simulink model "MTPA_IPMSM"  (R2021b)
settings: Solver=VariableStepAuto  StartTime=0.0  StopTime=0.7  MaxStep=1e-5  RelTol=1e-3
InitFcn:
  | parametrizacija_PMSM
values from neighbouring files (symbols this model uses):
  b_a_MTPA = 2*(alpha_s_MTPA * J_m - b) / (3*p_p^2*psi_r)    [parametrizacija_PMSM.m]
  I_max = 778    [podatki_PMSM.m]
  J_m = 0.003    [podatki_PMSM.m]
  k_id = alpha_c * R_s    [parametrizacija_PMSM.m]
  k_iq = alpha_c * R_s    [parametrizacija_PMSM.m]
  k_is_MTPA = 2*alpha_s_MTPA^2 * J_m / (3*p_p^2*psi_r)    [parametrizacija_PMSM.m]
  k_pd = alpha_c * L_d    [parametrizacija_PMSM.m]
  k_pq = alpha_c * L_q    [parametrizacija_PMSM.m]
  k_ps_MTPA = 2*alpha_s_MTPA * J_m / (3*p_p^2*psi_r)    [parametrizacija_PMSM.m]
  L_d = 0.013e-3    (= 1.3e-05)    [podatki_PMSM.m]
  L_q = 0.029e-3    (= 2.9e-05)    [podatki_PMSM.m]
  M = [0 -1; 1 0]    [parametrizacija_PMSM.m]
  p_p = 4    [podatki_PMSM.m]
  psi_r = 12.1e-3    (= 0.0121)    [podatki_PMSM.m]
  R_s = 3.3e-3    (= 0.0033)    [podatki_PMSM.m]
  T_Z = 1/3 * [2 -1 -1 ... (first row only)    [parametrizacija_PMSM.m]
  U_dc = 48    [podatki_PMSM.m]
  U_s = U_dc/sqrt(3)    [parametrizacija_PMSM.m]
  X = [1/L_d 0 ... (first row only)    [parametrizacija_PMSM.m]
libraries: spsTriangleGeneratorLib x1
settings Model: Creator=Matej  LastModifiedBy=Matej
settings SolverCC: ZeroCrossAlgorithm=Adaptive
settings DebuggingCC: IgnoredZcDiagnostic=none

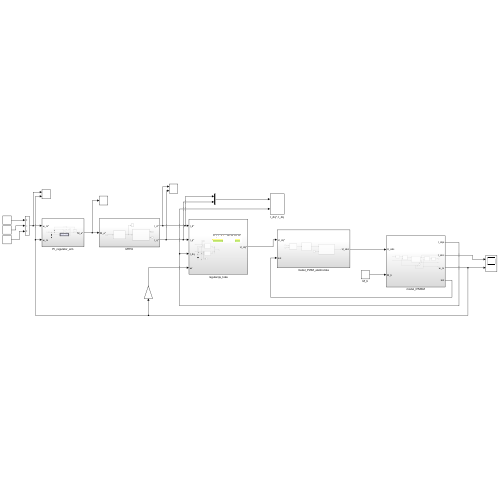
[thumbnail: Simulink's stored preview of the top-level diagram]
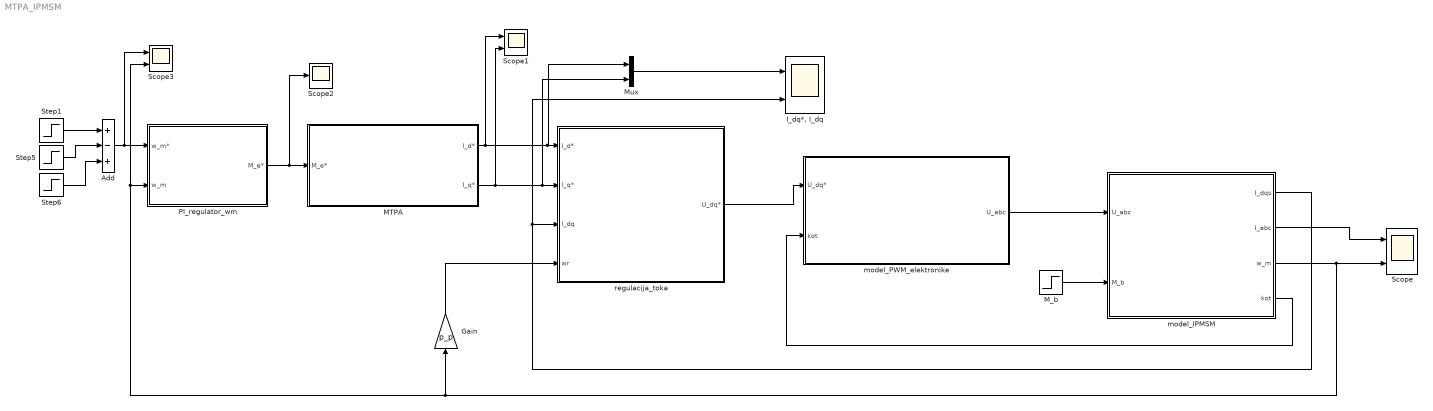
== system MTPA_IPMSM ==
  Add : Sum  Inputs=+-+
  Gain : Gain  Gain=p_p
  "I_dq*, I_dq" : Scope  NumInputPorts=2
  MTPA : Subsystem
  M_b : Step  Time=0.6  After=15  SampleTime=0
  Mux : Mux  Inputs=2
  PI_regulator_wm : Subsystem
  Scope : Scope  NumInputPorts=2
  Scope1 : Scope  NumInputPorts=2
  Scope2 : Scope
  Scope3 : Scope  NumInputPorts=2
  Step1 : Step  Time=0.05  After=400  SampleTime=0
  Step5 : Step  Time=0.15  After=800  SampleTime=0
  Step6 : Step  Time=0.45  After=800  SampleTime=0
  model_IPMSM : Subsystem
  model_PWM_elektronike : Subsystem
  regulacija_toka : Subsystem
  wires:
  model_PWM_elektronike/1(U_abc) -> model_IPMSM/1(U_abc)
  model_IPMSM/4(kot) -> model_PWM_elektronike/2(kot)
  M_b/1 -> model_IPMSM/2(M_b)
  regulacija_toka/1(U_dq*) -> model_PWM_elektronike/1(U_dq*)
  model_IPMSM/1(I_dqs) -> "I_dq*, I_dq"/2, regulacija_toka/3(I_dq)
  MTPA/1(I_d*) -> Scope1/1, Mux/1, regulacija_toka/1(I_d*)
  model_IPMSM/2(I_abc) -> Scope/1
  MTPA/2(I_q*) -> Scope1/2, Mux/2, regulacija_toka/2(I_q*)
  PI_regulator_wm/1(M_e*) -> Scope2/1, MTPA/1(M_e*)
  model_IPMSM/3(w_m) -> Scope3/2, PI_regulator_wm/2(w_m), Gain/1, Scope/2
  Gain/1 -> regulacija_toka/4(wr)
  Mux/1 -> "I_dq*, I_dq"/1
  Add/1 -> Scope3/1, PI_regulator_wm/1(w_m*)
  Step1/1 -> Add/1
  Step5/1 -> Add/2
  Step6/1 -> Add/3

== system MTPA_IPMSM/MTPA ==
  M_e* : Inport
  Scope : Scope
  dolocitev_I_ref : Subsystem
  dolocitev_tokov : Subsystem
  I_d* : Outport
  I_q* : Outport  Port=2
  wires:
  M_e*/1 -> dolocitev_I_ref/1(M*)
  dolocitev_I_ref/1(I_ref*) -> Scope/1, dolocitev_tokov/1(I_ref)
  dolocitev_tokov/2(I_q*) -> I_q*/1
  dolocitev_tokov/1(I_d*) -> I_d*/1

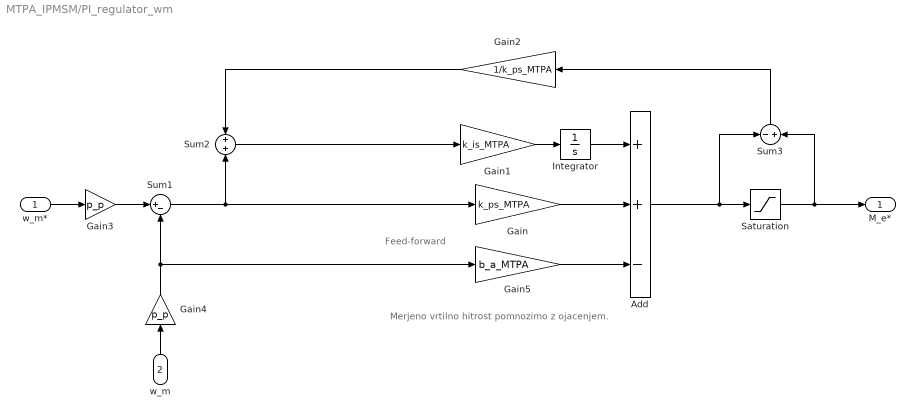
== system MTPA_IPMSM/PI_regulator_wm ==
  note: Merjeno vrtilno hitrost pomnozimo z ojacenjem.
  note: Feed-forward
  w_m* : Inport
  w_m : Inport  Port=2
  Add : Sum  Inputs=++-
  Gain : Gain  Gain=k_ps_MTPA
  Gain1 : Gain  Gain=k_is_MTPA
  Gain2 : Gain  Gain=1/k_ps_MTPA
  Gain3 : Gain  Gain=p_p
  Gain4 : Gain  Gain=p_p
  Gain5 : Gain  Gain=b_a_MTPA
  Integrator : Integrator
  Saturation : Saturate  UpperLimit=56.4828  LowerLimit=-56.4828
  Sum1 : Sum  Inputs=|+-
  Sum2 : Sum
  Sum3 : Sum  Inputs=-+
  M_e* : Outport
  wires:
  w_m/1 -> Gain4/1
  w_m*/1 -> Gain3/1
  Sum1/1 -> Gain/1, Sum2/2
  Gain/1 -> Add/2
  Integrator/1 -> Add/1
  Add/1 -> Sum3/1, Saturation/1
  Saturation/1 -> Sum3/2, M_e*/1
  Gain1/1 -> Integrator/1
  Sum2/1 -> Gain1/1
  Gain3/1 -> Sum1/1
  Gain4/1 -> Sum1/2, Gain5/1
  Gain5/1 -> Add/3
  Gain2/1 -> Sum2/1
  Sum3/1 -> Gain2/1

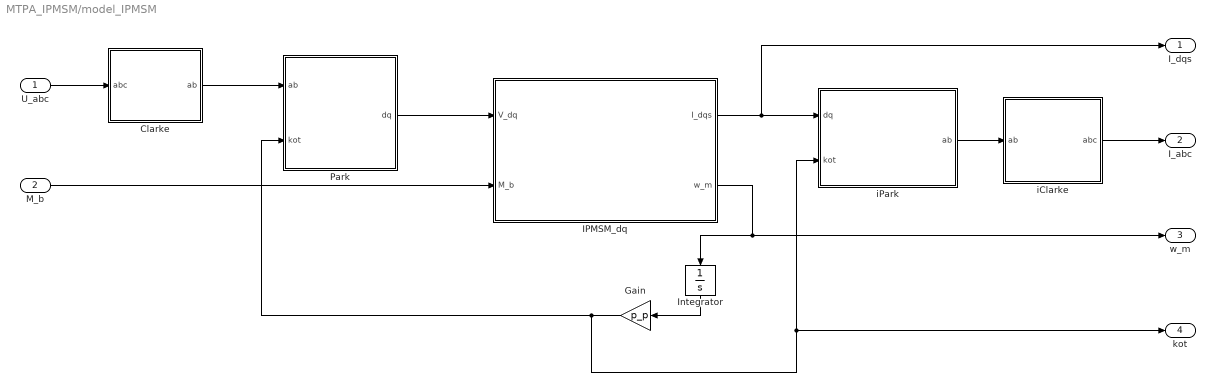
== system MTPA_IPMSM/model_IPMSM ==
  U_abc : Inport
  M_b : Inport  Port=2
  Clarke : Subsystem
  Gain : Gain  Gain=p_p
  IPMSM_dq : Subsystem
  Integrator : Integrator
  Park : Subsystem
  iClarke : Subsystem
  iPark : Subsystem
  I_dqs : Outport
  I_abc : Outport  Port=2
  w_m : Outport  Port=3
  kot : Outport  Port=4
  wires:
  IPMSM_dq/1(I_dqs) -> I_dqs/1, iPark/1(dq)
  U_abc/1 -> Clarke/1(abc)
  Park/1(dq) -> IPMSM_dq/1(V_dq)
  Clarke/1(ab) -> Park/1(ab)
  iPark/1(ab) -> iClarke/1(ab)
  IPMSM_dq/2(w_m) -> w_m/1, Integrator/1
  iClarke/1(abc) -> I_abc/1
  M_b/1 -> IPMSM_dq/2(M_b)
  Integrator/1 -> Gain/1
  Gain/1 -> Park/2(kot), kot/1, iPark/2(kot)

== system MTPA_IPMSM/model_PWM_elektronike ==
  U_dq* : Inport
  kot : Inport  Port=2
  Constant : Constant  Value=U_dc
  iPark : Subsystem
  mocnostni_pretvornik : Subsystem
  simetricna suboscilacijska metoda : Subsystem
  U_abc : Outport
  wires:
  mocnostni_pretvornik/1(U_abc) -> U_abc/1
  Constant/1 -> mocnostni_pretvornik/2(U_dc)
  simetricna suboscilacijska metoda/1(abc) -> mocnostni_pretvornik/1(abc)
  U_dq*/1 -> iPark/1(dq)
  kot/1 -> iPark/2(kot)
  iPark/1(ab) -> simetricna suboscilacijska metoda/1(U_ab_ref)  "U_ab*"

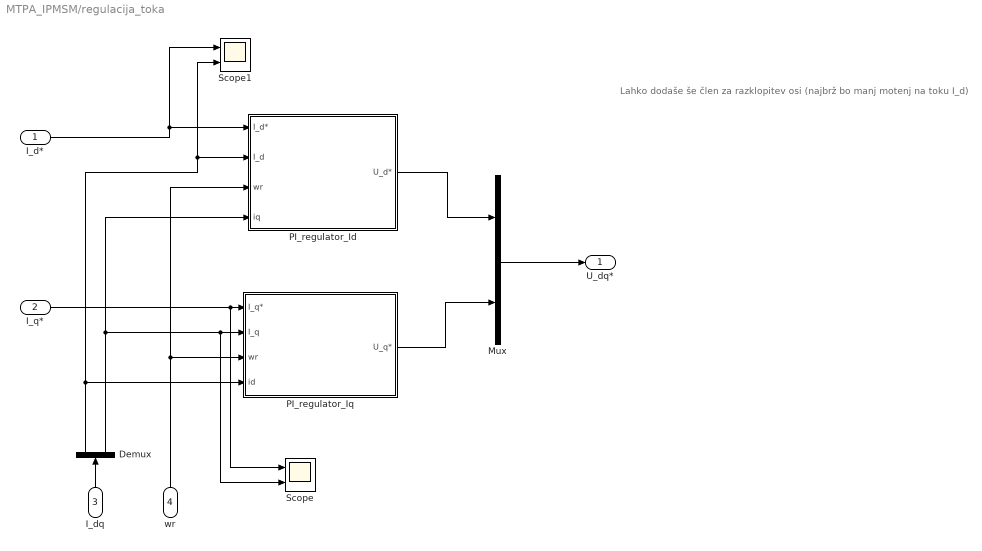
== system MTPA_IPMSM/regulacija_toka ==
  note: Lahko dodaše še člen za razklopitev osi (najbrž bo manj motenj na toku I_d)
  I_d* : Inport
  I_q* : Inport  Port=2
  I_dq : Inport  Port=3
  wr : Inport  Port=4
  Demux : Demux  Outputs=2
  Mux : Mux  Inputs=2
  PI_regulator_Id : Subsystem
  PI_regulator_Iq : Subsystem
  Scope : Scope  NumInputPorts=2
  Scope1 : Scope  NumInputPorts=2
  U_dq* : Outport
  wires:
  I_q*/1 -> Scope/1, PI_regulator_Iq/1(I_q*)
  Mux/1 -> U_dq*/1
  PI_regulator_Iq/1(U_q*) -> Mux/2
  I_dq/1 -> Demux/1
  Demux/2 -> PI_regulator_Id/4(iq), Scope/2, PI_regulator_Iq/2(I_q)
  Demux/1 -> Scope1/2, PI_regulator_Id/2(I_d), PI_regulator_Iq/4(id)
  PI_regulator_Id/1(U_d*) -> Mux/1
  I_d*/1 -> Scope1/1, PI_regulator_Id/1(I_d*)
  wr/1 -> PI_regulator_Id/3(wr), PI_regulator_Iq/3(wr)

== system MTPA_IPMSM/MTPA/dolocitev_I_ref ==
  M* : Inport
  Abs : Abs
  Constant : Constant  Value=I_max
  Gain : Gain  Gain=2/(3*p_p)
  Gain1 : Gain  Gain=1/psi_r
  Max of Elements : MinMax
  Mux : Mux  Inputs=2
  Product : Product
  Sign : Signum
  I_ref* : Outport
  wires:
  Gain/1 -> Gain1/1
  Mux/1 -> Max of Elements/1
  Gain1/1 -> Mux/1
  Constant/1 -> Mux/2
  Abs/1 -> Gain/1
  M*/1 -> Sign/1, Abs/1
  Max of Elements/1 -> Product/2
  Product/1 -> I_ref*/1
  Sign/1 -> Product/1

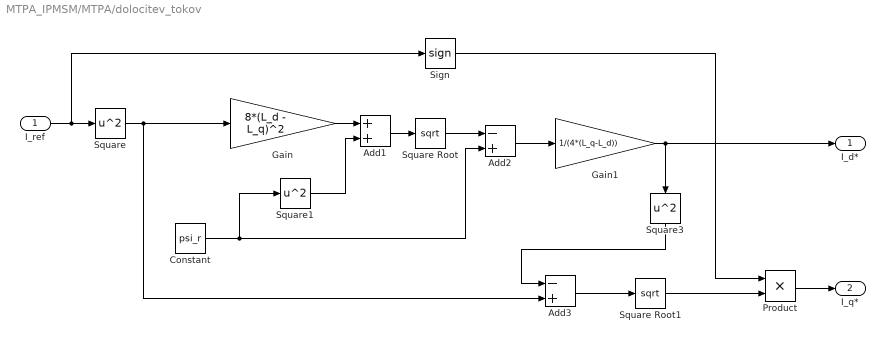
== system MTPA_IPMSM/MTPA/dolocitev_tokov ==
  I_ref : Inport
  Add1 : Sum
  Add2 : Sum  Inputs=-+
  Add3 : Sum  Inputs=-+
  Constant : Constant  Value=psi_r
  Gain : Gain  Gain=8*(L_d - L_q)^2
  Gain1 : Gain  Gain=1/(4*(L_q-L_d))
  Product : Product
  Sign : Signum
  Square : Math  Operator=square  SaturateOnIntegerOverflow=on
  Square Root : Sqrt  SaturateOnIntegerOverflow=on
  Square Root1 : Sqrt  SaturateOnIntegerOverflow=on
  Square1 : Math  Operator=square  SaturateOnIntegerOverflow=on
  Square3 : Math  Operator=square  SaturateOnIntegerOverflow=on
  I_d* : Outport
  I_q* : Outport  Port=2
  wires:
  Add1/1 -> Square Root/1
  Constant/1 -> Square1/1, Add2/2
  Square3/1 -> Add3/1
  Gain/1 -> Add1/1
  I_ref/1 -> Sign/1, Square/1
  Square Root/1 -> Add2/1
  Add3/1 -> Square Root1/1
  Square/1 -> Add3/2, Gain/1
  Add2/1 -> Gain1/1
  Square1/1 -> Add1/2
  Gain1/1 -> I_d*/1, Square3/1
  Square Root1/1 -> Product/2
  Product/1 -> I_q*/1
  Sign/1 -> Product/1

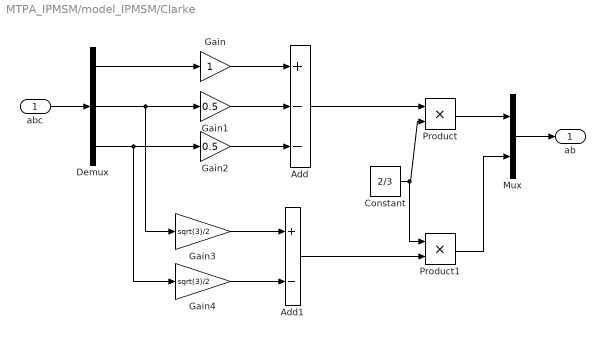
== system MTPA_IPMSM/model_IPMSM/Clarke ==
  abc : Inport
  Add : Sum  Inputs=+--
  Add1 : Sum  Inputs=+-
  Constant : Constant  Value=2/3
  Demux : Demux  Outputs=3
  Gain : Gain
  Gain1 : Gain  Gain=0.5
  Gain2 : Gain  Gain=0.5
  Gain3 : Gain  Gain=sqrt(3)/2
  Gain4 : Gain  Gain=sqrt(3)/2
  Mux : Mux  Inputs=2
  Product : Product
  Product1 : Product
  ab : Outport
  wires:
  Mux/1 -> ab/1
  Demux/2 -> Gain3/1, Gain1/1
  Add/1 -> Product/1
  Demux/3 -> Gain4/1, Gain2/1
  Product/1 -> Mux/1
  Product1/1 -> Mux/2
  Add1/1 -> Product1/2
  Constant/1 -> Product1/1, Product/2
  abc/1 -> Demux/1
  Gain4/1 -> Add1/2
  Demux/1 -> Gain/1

Instructions to follow: After locating the line with "L_q = 0.029e-3" above, return that line and every later line through the one with "R_s = 3.3e-3", word for word and with nothing else.

Answer to the problem:
  L_q = 0.029e-3    (= 2.9e-05)    [podatki_PMSM.m]
  M = [0 -1; 1 0]    [parametrizacija_PMSM.m]
  p_p = 4    [podatki_PMSM.m]
  psi_r = 12.1e-3    (= 0.0121)    [podatki_PMSM.m]
  R_s = 3.3e-3    (= 0.0033)    [podatki_PMSM.m]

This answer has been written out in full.